Er heerst binnen bestuurskringen van zorgverzekeraars, overheid en zorginstellingen een rotsvast geloof dat ROM-data geschikt zijn voor kwaliteitsonderzoek op grote schaal in de GGZ . En zo het niet geschikt is wil men het ROM-onderzoek middels doorontwikkeling geschikt maken. Alleen die redenering is al krom. Niet de minsten in de GGZ, acht hoogleraren psychiatrie, bestreden dit al in 2012 en doen dit nog.
Het ROM-gebeuren is als een wrakke olietanker die ooit in de vaart gebracht is maar die men ondanks steeds grotere mankementen toch niet wil slopen. Je ziet nu wat daarvan komt: wetenschappelijk onderzoek op basis van onrechtmatig verkregen bijzondere persoonsgegevens, zijnde zorgdata.
W.J. Jongejan, 18 december 2019
Afbeelding van Gerd Altmann via Pixabay
Met stijgende verbazing las ik uw artikel. Ik ben als student bezig met onderzoek naar de zin en onzin van ROM. Bij het lezen van diverse boeken en artikelen die geschreven zijn over dit onderwerp heb ik meermaals mijn wenkbrauwen gefronst.

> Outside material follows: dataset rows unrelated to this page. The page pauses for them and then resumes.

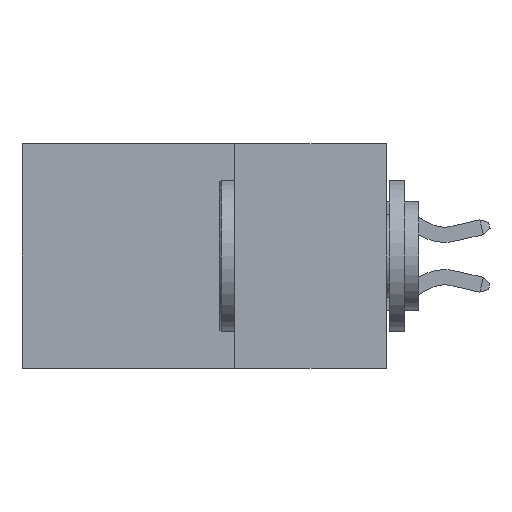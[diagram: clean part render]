
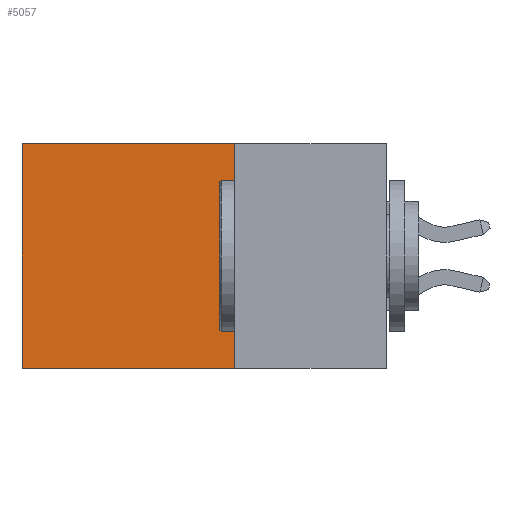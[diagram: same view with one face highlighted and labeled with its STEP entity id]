
A CAD part, left-side view. The second image highlights one B-rep face of the part: STEP entity #5057.
In plain terms, the highlighted planar face has unit normal (-1, 0, 0).
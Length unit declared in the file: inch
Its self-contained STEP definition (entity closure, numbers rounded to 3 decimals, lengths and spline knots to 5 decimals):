
#232 = CARTESIAN_POINT ( 'NONE',  ( 0.298, 0.25, 0. ) ) ;
#576 = FACE_OUTER_BOUND ( 'NONE', #6180, .T. ) ;
#1148 = LINE ( 'NONE', #12456, #7956 ) ;
#2060 = DIRECTION ( 'NONE',  ( 0., 1., 0. ) ) ;
#2220 = ORIENTED_EDGE ( 'NONE', *, *, #12393, .T. ) ;
#2628 = DIRECTION ( 'NONE',  ( 0., 0., -1. ) ) ;
#2663 = DIRECTION ( 'NONE',  ( 1., 0., 0. ) ) ;
#2692 = CARTESIAN_POINT ( 'NONE',  ( 0.298, 0.25, 0. ) ) ;
#2883 = PLANE ( 'NONE',  #18538 ) ;
#3753 = DIRECTION ( 'NONE',  ( 0., 0., -1. ) ) ;
#4190 = ORIENTED_EDGE ( 'NONE', *, *, #32457, .F. ) ;
#5057 = ADVANCED_FACE ( 'NONE', ( #576 ), #2883, .F. ) ;
#5531 = VECTOR ( 'NONE', #3753, 39.37008 ) ;
#6180 = EDGE_LOOP ( 'NONE', ( #2220, #16083, #4190, #19592 ) ) ;
#6594 = VERTEX_POINT ( 'NONE', #8973 ) ;
#7343 = DIRECTION ( 'NONE',  ( 0., 1., 0. ) ) ;
#7956 = VECTOR ( 'NONE', #7343, 39.37008 ) ;
#8973 = CARTESIAN_POINT ( 'NONE',  ( 0.298, 0.6, -0.37 ) ) ;
#9579 = EDGE_CURVE ( 'NONE', #22892, #6594, #1148, .T. ) ;
#9720 = LINE ( 'NONE', #26712, #29965 ) ;
#11527 = LINE ( 'NONE', #26645, #5531 ) ;
#12332 = LINE ( 'NONE', #19991, #19206 ) ;
#12393 = EDGE_CURVE ( 'NONE', #28364, #6594, #9720, .T. ) ;
#12456 = CARTESIAN_POINT ( 'NONE',  ( 0.298, 0.25, -0.37 ) ) ;
#16083 = ORIENTED_EDGE ( 'NONE', *, *, #9579, .F. ) ;
#18538 = AXIS2_PLACEMENT_3D ( 'NONE', #2692, #2663, #2628 ) ;
#19158 = DIRECTION ( 'NONE',  ( 0., 0., -1. ) ) ;
#19206 = VECTOR ( 'NONE', #2060, 39.37008 ) ;
#19517 = EDGE_CURVE ( 'NONE', #21475, #28364, #12332, .T. ) ;
#19592 = ORIENTED_EDGE ( 'NONE', *, *, #19517, .T. ) ;
#19991 = CARTESIAN_POINT ( 'NONE',  ( 0.298, 0.25, 0. ) ) ;
#21475 = VERTEX_POINT ( 'NONE', #232 ) ;
#22892 = VERTEX_POINT ( 'NONE', #23900 ) ;
#23900 = CARTESIAN_POINT ( 'NONE',  ( 0.298, 0.25, -0.37 ) ) ;
#24829 = CARTESIAN_POINT ( 'NONE',  ( 0.298, 0.6, 0. ) ) ;
#26645 = CARTESIAN_POINT ( 'NONE',  ( 0.298, 0.25, 0. ) ) ;
#26712 = CARTESIAN_POINT ( 'NONE',  ( 0.298, 0.6, 0. ) ) ;
#28364 = VERTEX_POINT ( 'NONE', #24829 ) ;
#29965 = VECTOR ( 'NONE', #19158, 39.37008 ) ;
#32457 = EDGE_CURVE ( 'NONE', #21475, #22892, #11527, .T. ) ;
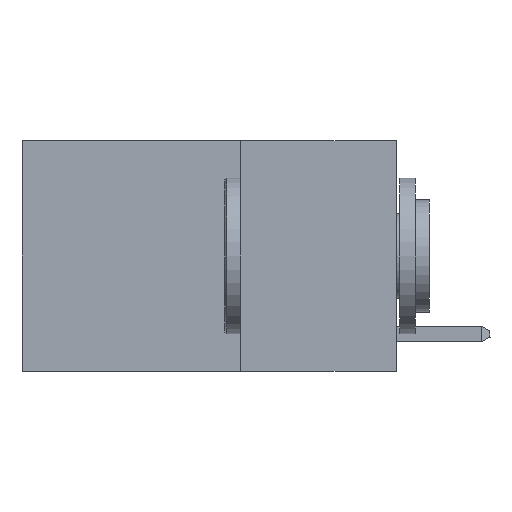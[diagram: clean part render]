
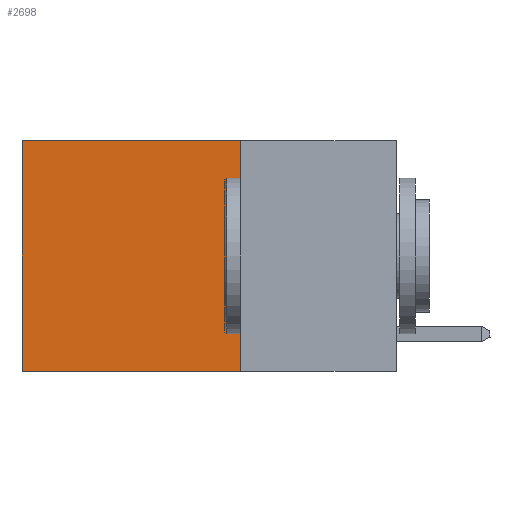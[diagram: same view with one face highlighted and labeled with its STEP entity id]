
A CAD part, left-side view. The second image highlights one B-rep face of the part: STEP entity #2698.
In plain terms, the highlighted planar face has unit normal (-1, 0, 0).
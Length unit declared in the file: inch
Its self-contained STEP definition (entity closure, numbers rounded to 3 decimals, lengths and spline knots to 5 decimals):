
#586 = EDGE_CURVE ( 'NONE', #6481, #3153, #3040, .T. ) ;
#710 = FACE_OUTER_BOUND ( 'NONE', #3121, .T. ) ;
#1136 = ORIENTED_EDGE ( 'NONE', *, *, #8743, .F. ) ;
#1531 = CARTESIAN_POINT ( 'NONE',  ( 0.2625, 0.25, 0. ) ) ;
#1609 = LINE ( 'NONE', #3401, #5714 ) ;
#1633 = EDGE_CURVE ( 'NONE', #6027, #7997, #1609, .T. ) ;
#2162 = CARTESIAN_POINT ( 'NONE',  ( 0.2625, 0.6, 0. ) ) ;
#2212 = DIRECTION ( 'NONE',  ( 0., 0., -1. ) ) ;
#2248 = DIRECTION ( 'NONE',  ( 1., 0., 0. ) ) ;
#2307 = PLANE ( 'NONE',  #6273 ) ;
#2477 = CARTESIAN_POINT ( 'NONE',  ( 0.2625, 0.25, 0. ) ) ;
#2698 = ADVANCED_FACE ( 'NONE', ( #710 ), #2307, .F. ) ;
#3040 = LINE ( 'NONE', #7943, #9045 ) ;
#3121 = EDGE_LOOP ( 'NONE', ( #4098, #1136, #9210, #5288 ) ) ;
#3153 = VERTEX_POINT ( 'NONE', #7635 ) ;
#3401 = CARTESIAN_POINT ( 'NONE',  ( 0.2625, 0.6, 0. ) ) ;
#4098 = ORIENTED_EDGE ( 'NONE', *, *, #1633, .T. ) ;
#4853 = VECTOR ( 'NONE', #8842, 39.37008 ) ;
#5084 = LINE ( 'NONE', #9611, #4853 ) ;
#5288 = ORIENTED_EDGE ( 'NONE', *, *, #5381, .T. ) ;
#5381 = EDGE_CURVE ( 'NONE', #6481, #6027, #8360, .T. ) ;
#5714 = VECTOR ( 'NONE', #7016, 39.37008 ) ;
#6027 = VERTEX_POINT ( 'NONE', #2162 ) ;
#6273 = AXIS2_PLACEMENT_3D ( 'NONE', #2477, #2248, #2212 ) ;
#6339 = VECTOR ( 'NONE', #7925, 39.37008 ) ;
#6481 = VERTEX_POINT ( 'NONE', #7416 ) ;
#7016 = DIRECTION ( 'NONE',  ( 0., 0., -1. ) ) ;
#7416 = CARTESIAN_POINT ( 'NONE',  ( 0.2625, 0.25, 0. ) ) ;
#7635 = CARTESIAN_POINT ( 'NONE',  ( 0.2625, 0.25, -0.37 ) ) ;
#7913 = DIRECTION ( 'NONE',  ( 0., 0., -1. ) ) ;
#7925 = DIRECTION ( 'NONE',  ( 0., 1., 0. ) ) ;
#7943 = CARTESIAN_POINT ( 'NONE',  ( 0.2625, 0.25, 0. ) ) ;
#7997 = VERTEX_POINT ( 'NONE', #8917 ) ;
#8360 = LINE ( 'NONE', #1531, #6339 ) ;
#8743 = EDGE_CURVE ( 'NONE', #3153, #7997, #5084, .T. ) ;
#8842 = DIRECTION ( 'NONE',  ( 0., 1., 0. ) ) ;
#8917 = CARTESIAN_POINT ( 'NONE',  ( 0.2625, 0.6, -0.37 ) ) ;
#9045 = VECTOR ( 'NONE', #7913, 39.37008 ) ;
#9210 = ORIENTED_EDGE ( 'NONE', *, *, #586, .F. ) ;
#9611 = CARTESIAN_POINT ( 'NONE',  ( 0.2625, 0.25, -0.37 ) ) ;

Ik weet soms niet of ik werk lees op basis van gedegen wetenschappelijk onderzoek of de bijsluiter van een commercieel product. Aan studenten wordt keurig geleerd wat een causaal verband is, hoe variabelen direct of indirect effect hebben. Maar de basisregels van onderzoeksmethoden worden bij het verdedigen van ROM volledig genegeerd. Het eigen gelijk lijkt zwaarder te wegen dan wat dan ook!
Dank voor je reactie. Het blijft nog steeds verbazingwekkend dat bestuurders en managers vasthouden aan ROM als “kwaliteitsinstrument”, terwijl het uitsluitend bedoeld is om op individueel niveau het (niet/wel) vorderen van het effect van therapie tussen patiënt en therapeut te evalueren. Ook nog steeds verbazingwekkend is dat in de Universiteit Leiden een door de voorganger van SBG(volledig gefinancierd door de zorgverzekeraars)betaalde leerstoel benchmarking en zorginkoop met ROM bestaat. Dat is stuitend in het licht van de uitspraak van de Autoriteit Persoonsgegevens dat SBG de data onrechtmatig verwierf en be-/verwerkte.